[Data entries]

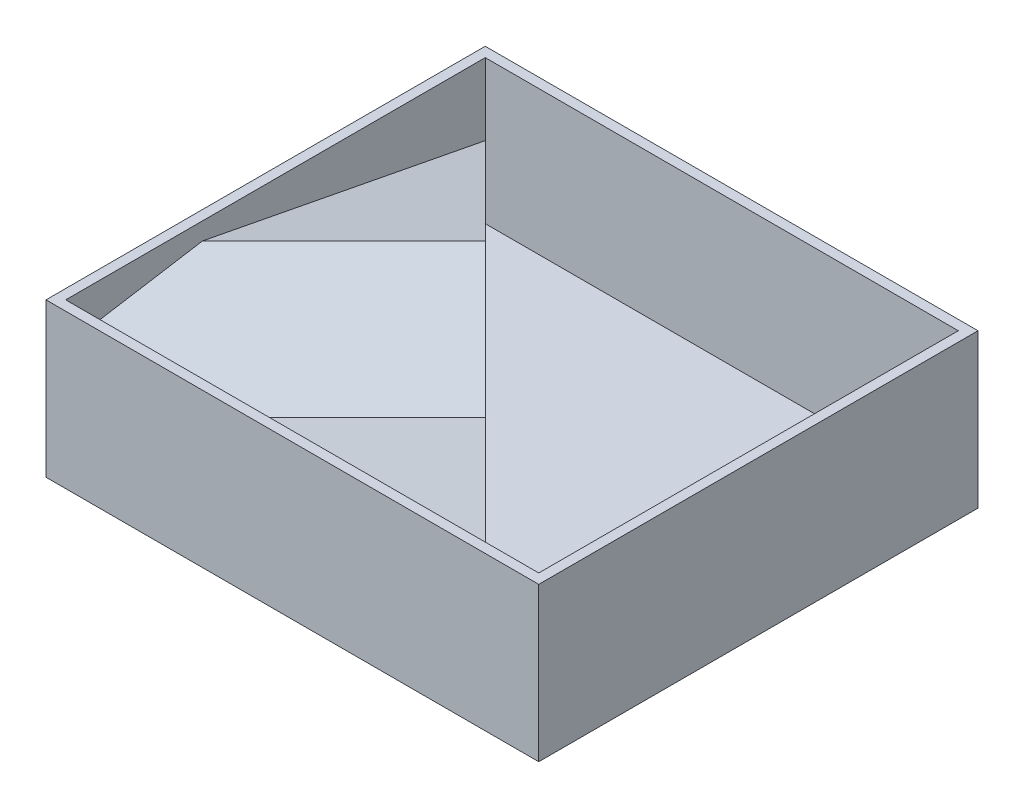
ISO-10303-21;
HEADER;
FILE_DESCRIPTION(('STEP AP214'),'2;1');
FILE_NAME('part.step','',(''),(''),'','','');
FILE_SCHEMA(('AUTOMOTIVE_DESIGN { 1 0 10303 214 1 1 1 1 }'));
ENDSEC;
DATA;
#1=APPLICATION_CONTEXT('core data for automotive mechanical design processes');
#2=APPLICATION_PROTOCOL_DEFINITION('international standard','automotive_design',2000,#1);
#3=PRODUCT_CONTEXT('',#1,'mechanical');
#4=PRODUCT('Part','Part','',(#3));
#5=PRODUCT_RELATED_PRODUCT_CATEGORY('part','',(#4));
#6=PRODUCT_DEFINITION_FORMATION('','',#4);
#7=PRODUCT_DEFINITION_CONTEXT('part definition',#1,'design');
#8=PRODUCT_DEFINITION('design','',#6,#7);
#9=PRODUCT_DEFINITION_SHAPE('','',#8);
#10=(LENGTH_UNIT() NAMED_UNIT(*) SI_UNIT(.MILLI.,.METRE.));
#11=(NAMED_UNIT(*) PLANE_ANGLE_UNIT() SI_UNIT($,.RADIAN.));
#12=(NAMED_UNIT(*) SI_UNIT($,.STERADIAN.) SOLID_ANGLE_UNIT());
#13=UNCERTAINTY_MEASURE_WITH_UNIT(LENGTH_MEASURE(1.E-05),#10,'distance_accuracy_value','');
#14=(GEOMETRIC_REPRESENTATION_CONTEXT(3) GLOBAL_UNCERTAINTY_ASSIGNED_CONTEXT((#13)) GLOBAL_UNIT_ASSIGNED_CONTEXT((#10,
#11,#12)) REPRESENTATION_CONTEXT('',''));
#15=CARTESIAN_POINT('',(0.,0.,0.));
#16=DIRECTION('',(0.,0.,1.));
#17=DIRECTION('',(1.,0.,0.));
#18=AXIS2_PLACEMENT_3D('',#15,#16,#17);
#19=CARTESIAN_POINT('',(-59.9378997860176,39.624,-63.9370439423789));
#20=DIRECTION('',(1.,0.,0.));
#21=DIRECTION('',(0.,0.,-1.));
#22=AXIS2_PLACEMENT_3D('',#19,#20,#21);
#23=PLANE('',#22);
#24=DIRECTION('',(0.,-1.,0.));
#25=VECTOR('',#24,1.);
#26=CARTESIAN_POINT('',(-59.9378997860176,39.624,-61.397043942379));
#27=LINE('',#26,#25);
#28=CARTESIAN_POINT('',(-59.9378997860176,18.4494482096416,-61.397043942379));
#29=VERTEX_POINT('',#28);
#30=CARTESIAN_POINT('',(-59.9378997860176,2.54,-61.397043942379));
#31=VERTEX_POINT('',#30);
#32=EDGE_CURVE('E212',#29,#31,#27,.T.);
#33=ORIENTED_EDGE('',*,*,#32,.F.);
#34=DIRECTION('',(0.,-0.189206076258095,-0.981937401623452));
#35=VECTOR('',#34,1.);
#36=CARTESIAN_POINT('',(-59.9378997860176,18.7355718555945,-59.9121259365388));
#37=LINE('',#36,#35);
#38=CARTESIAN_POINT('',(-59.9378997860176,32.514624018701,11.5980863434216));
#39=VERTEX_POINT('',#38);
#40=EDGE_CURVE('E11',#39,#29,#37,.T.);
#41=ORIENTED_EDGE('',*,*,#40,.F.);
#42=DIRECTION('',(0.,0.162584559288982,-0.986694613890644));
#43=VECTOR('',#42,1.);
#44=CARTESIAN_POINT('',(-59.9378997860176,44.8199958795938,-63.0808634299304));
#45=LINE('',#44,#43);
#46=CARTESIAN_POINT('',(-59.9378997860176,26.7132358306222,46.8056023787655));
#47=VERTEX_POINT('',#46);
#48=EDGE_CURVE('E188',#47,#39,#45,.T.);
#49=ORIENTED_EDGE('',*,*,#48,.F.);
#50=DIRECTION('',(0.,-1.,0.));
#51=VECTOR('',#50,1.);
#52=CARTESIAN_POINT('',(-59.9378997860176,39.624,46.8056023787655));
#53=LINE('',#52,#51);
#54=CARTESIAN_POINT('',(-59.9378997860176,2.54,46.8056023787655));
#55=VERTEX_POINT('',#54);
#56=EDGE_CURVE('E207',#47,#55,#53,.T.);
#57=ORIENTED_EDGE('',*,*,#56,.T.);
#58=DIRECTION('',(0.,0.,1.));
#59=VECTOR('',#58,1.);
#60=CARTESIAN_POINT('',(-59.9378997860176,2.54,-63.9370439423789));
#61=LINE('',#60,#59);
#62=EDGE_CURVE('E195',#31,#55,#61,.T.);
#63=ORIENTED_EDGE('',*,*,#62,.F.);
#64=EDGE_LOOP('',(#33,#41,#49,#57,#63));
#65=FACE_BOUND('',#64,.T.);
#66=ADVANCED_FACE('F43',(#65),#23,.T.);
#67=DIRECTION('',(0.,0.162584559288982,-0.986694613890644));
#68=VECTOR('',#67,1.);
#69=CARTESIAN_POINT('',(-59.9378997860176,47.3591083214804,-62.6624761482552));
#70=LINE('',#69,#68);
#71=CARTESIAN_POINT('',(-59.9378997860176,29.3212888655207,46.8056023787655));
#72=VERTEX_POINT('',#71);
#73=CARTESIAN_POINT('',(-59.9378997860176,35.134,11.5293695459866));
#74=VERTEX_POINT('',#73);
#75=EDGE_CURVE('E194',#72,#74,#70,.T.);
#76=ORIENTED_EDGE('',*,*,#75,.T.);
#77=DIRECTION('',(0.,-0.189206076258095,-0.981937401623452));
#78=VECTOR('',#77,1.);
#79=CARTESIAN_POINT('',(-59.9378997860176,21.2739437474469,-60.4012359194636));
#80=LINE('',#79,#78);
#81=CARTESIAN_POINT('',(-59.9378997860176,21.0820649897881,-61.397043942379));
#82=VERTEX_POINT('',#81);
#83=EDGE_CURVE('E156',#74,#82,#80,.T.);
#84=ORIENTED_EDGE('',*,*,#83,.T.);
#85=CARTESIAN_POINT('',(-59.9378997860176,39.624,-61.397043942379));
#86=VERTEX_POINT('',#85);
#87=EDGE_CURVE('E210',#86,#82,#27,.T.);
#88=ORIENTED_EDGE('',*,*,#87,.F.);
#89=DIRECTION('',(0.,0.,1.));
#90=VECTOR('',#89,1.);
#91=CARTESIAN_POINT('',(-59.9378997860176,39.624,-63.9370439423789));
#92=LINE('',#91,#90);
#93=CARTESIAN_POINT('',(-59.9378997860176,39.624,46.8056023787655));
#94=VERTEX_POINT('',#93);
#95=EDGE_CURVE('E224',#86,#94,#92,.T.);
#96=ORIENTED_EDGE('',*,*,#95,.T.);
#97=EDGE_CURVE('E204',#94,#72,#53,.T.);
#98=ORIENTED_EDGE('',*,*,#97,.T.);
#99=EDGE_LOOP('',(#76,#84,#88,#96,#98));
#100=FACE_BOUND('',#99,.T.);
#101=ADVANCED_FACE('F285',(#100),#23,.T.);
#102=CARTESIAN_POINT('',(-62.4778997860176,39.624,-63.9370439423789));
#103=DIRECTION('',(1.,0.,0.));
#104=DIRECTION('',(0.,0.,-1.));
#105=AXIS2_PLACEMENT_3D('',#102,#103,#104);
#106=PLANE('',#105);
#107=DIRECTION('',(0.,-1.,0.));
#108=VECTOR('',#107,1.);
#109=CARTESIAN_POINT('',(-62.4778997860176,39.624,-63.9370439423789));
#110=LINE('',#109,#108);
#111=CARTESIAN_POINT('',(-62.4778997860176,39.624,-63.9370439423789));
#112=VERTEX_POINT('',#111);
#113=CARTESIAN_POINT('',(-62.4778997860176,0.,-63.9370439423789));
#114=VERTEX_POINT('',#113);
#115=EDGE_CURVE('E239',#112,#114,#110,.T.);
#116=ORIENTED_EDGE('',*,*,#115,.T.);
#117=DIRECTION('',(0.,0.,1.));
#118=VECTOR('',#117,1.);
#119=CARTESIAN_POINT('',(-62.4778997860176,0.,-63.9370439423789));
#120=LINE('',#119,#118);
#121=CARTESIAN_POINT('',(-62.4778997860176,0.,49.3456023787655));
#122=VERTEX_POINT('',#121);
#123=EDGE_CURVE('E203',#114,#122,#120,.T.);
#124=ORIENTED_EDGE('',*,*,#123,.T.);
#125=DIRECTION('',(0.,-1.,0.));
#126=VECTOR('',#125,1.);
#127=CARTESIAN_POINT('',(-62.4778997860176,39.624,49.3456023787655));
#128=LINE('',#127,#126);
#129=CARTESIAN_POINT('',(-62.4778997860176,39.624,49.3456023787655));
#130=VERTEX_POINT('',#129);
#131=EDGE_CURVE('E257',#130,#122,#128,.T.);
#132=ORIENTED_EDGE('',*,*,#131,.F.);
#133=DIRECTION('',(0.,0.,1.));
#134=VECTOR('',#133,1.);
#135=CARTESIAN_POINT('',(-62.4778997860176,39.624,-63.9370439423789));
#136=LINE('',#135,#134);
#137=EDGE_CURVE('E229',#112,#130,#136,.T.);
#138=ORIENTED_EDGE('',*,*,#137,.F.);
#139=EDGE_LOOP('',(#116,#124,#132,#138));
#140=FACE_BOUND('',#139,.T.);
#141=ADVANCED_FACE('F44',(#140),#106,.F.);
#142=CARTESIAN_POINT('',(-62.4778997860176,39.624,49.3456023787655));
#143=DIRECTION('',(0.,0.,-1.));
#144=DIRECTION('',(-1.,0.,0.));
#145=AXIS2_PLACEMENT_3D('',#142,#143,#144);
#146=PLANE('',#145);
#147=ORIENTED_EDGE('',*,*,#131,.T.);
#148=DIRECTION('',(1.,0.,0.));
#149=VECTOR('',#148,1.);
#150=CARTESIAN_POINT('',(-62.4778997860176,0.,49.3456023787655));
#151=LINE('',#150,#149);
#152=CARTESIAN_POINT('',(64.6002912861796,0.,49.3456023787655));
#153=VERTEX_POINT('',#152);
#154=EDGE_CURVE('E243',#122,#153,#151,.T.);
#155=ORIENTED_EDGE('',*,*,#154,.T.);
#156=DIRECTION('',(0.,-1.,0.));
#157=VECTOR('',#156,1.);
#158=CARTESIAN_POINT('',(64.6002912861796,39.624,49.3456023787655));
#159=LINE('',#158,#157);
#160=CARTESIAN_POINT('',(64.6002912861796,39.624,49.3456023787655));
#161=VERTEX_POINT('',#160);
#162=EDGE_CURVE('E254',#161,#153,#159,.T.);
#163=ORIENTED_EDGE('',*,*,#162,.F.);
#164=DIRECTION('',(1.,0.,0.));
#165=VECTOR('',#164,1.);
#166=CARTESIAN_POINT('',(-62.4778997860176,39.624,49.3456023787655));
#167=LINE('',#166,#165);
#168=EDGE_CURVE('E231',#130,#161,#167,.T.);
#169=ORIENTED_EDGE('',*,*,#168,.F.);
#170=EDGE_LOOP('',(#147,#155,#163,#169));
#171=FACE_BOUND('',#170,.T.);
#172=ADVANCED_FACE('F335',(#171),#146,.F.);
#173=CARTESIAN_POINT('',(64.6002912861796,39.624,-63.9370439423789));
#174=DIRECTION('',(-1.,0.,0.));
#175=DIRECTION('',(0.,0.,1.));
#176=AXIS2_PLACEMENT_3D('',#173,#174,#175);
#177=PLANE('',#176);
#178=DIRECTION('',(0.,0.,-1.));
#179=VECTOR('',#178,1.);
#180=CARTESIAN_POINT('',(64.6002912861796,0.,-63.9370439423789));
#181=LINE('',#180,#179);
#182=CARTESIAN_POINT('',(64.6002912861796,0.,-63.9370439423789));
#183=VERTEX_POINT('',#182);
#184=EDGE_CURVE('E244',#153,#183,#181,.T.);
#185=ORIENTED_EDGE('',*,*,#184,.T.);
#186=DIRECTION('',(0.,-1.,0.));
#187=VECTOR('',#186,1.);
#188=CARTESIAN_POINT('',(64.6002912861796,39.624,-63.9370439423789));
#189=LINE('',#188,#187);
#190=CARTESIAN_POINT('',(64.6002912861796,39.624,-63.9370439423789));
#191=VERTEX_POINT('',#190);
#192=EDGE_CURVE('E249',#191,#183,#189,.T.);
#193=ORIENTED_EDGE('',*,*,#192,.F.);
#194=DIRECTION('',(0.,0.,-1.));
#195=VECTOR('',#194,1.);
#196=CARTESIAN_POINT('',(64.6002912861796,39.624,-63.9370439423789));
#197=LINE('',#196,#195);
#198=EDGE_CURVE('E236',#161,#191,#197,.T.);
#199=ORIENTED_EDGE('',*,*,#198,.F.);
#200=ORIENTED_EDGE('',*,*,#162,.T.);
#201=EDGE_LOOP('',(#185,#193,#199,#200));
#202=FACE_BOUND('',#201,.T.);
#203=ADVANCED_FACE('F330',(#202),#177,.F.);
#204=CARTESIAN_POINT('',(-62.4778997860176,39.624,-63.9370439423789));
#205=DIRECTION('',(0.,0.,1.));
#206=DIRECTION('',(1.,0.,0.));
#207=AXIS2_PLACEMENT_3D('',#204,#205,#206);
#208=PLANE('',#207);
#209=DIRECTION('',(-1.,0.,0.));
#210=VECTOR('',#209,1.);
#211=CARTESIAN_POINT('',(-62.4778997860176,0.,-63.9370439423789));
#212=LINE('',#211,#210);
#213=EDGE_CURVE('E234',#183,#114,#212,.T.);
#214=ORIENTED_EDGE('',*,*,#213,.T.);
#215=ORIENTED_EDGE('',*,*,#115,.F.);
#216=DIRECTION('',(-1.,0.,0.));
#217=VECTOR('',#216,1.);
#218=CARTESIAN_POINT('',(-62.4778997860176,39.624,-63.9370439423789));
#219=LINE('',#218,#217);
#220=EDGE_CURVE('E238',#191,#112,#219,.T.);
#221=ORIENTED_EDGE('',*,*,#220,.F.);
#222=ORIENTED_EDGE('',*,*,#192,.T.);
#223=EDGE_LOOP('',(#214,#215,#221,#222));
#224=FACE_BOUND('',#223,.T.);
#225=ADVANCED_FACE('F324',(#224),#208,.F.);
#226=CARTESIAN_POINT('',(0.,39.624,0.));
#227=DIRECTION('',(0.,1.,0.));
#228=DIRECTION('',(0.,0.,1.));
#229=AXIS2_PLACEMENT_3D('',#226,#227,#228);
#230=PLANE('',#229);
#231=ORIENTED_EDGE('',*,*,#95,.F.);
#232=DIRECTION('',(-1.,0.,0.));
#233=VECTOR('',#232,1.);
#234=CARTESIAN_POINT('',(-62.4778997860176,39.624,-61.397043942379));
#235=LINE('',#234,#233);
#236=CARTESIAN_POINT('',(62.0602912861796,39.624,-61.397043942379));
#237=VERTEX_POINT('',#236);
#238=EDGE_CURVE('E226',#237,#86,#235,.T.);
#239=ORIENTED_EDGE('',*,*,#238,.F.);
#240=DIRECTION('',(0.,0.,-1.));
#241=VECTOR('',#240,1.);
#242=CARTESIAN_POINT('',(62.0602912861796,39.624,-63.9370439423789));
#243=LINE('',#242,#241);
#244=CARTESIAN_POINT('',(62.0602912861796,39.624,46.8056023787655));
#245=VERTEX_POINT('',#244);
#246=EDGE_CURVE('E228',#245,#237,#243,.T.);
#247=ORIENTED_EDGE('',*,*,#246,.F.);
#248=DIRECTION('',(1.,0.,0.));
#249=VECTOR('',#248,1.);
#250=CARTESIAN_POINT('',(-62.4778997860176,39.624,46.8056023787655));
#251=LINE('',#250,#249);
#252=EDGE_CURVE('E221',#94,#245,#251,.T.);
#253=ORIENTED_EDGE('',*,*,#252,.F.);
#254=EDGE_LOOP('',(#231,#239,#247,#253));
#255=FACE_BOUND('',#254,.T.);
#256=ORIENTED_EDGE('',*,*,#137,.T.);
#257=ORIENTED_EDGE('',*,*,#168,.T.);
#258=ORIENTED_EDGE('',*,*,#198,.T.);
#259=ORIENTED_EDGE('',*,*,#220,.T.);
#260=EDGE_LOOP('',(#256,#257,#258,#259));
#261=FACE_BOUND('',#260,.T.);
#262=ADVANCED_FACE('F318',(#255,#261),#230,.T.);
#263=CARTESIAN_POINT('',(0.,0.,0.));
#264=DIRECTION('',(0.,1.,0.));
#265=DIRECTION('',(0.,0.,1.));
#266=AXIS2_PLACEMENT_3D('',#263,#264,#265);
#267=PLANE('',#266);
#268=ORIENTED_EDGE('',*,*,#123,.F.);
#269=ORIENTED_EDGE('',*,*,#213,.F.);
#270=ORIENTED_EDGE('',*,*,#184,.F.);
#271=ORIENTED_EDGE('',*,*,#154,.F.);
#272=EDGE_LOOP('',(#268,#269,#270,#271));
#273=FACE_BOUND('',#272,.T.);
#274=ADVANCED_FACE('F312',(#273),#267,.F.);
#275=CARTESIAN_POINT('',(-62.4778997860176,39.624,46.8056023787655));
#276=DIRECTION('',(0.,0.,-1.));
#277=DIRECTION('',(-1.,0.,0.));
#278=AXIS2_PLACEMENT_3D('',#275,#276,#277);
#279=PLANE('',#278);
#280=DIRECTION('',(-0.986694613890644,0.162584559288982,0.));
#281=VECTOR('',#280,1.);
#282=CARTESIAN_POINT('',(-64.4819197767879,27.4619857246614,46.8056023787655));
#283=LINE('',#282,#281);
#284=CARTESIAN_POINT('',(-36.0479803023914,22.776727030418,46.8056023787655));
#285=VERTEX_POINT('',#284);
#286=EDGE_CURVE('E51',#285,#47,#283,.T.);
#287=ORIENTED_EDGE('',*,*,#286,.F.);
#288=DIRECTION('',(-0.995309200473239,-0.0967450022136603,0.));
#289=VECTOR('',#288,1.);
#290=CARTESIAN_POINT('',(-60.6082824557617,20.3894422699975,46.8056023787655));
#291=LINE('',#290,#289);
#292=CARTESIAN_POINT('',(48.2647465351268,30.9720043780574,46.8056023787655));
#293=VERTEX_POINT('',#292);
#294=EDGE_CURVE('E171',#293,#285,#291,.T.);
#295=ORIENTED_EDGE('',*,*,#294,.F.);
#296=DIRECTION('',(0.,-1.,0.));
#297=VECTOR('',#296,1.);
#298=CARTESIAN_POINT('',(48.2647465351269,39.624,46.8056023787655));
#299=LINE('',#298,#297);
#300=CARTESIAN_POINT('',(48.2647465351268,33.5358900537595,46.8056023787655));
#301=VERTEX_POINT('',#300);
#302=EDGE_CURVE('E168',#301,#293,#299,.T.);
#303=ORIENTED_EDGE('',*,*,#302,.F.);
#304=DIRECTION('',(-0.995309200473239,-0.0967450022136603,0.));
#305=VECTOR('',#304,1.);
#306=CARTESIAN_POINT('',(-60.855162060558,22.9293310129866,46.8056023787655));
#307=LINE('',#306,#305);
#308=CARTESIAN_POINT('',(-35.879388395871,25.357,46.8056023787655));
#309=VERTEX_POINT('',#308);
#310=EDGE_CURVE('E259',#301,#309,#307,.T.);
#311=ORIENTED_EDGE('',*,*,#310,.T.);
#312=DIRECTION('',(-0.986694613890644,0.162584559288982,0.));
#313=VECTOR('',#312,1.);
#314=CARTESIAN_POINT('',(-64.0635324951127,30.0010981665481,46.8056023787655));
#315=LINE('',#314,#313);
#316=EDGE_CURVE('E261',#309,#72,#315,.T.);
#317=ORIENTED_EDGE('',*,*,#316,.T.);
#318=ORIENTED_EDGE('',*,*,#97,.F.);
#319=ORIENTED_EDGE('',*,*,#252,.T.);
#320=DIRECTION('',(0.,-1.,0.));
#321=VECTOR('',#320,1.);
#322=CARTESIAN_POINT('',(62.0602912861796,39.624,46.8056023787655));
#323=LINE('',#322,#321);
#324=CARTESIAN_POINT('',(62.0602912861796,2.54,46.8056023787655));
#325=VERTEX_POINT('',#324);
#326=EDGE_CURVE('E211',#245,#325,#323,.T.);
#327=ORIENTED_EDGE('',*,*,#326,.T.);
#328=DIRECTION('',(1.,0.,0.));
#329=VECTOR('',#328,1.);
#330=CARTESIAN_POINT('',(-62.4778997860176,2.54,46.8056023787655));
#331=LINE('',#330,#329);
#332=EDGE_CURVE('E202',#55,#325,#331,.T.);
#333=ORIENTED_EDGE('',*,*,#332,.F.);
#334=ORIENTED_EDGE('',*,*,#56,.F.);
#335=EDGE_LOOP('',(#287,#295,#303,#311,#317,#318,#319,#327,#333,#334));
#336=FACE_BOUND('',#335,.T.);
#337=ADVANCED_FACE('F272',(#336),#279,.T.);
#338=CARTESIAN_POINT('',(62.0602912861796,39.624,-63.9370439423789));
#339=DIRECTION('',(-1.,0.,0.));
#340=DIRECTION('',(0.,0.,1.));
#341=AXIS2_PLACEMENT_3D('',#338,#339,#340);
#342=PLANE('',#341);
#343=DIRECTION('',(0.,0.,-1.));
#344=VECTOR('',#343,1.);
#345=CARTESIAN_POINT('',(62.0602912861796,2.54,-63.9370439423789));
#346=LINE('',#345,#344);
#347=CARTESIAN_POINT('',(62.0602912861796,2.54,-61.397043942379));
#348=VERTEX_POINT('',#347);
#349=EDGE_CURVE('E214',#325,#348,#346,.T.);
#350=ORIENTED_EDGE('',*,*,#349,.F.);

**What the exercise asks:**
Of the entries above, repeat exactly the lines from the line with "#215=ORIENTED_EDGE('',*,*,#115,.F.);" through the line with "#230=PLANE('',#229);", both of them included.

**Answer space:**
#215=ORIENTED_EDGE('',*,*,#115,.F.);
#216=DIRECTION('',(-1.,0.,0.));
#217=VECTOR('',#216,1.);
#218=CARTESIAN_POINT('',(-62.4778997860176,39.624,-63.9370439423789));
#219=LINE('',#218,#217);
#220=EDGE_CURVE('E238',#191,#112,#219,.T.);
#221=ORIENTED_EDGE('',*,*,#220,.F.);
#222=ORIENTED_EDGE('',*,*,#192,.T.);
#223=EDGE_LOOP('',(#214,#215,#221,#222));
#224=FACE_BOUND('',#223,.T.);
#225=ADVANCED_FACE('F324',(#224),#208,.F.);
#226=CARTESIAN_POINT('',(0.,39.624,0.));
#227=DIRECTION('',(0.,1.,0.));
#228=DIRECTION('',(0.,0.,1.));
#229=AXIS2_PLACEMENT_3D('',#226,#227,#228);
#230=PLANE('',#229);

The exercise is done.